Top of Data excerpts

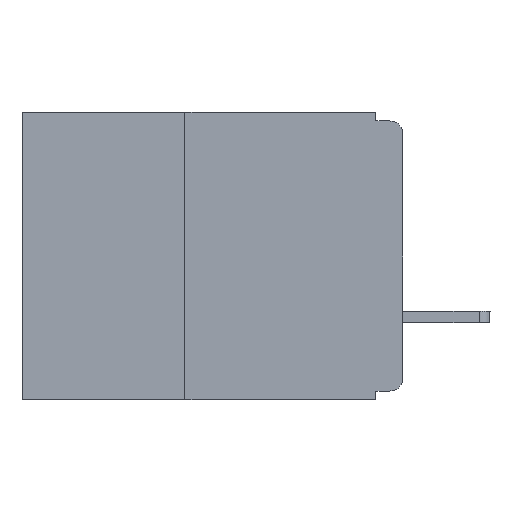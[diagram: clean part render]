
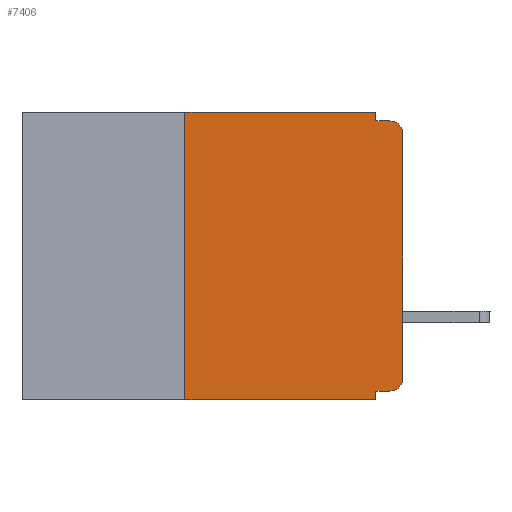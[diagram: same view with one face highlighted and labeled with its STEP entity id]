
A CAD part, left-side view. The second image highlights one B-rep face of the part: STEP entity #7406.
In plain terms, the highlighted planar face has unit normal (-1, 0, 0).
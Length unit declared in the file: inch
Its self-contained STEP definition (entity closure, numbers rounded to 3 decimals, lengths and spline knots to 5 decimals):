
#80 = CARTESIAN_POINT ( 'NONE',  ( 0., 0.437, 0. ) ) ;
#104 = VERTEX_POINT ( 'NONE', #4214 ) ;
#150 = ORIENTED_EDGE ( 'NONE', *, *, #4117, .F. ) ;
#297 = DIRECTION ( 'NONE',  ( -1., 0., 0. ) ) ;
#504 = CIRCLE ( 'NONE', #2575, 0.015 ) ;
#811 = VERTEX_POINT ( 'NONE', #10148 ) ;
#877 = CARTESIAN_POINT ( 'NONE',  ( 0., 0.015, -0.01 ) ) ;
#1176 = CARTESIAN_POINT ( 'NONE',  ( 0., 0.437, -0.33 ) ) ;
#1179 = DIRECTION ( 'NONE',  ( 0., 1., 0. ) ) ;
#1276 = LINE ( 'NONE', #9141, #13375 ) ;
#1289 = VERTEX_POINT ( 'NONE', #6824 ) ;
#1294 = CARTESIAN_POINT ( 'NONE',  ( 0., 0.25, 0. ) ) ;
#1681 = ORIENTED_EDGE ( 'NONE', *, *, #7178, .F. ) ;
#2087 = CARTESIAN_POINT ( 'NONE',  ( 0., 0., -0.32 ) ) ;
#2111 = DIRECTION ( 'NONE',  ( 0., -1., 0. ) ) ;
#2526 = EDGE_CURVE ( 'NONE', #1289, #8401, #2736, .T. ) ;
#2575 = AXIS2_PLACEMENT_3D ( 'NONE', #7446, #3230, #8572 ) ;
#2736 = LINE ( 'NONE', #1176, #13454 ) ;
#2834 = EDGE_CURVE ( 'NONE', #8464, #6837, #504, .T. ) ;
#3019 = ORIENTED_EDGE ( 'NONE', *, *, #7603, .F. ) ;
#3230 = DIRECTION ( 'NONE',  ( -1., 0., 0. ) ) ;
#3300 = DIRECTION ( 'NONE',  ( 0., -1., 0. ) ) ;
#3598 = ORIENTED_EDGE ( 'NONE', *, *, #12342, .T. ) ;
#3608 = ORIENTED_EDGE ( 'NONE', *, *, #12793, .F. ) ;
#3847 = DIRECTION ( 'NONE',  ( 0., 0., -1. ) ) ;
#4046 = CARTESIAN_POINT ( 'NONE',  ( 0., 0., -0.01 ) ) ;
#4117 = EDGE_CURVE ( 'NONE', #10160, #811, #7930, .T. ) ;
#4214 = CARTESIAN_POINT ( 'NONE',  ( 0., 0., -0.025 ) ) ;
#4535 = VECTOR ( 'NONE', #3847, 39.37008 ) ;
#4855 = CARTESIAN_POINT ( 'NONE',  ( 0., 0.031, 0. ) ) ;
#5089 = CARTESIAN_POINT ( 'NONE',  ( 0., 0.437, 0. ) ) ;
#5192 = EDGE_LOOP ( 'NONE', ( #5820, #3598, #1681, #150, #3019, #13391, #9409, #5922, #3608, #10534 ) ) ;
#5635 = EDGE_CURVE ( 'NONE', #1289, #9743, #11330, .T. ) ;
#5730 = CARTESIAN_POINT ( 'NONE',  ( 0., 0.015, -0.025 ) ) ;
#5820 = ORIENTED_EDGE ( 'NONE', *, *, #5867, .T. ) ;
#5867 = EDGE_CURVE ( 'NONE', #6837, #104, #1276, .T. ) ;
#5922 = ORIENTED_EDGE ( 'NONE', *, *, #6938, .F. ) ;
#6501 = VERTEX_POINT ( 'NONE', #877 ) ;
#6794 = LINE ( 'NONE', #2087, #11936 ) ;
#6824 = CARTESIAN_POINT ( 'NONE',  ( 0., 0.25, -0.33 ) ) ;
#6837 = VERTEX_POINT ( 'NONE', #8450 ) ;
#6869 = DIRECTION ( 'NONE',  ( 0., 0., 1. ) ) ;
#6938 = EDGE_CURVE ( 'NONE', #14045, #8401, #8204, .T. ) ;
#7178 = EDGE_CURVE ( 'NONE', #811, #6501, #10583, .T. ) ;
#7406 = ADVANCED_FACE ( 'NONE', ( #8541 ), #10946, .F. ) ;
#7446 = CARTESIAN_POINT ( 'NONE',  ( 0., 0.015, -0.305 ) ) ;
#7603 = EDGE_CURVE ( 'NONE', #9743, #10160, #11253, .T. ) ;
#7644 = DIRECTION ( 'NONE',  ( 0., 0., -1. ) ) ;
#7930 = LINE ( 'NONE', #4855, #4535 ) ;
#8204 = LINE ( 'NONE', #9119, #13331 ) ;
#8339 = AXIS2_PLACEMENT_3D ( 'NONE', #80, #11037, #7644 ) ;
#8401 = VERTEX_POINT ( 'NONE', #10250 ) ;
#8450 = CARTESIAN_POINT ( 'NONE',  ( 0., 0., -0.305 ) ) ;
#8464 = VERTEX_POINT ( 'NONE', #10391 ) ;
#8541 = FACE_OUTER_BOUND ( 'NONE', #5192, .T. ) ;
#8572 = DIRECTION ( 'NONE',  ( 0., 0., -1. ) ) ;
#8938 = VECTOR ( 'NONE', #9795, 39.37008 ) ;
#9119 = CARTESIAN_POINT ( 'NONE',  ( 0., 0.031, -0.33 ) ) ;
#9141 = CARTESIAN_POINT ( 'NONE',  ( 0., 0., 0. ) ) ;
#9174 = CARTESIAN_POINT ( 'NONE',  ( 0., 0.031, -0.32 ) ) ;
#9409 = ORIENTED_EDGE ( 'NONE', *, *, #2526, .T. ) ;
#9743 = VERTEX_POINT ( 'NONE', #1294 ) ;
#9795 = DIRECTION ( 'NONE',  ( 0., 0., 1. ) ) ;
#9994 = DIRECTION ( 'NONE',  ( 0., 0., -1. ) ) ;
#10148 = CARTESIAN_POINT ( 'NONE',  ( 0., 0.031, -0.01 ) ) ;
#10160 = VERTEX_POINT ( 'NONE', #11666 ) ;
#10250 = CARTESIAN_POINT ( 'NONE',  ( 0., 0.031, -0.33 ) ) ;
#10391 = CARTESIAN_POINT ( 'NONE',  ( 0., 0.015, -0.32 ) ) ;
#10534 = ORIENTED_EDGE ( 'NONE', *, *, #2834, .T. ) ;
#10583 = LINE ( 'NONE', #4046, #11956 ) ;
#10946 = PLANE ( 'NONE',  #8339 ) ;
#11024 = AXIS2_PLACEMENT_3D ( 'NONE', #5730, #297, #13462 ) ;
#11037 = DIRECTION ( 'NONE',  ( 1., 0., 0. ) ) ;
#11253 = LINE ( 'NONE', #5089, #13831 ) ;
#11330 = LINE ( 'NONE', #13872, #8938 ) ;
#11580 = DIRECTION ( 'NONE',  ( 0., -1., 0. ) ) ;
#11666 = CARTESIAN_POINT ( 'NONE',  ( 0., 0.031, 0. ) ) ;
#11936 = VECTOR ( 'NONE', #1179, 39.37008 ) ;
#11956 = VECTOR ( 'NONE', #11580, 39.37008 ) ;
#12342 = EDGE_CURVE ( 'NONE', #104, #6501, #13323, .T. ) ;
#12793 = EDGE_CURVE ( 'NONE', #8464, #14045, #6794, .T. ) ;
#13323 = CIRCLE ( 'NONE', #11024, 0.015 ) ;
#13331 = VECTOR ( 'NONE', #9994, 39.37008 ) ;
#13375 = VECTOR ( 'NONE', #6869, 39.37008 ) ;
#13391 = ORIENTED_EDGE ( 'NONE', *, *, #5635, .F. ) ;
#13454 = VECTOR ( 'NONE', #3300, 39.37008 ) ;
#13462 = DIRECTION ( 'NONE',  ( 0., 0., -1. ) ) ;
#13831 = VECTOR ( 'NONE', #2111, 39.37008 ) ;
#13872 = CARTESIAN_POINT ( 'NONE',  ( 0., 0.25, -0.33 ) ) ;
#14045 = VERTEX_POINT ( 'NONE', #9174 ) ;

Bottom of Data excerpts

* [Exercise details]: Give back the lines of the listing from the one with "#13454 = VECTOR ( 'NONE', #3300, 39.37008 ) ;" through the end, both included, exactly as written and with nothing added.

* [Exercise solution]:
#13454 = VECTOR ( 'NONE', #3300, 39.37008 ) ;
#13462 = DIRECTION ( 'NONE',  ( 0., 0., -1. ) ) ;
#13831 = VECTOR ( 'NONE', #2111, 39.37008 ) ;
#13872 = CARTESIAN_POINT ( 'NONE',  ( 0., 0.25, -0.33 ) ) ;
#14045 = VERTEX_POINT ( 'NONE', #9174 ) ;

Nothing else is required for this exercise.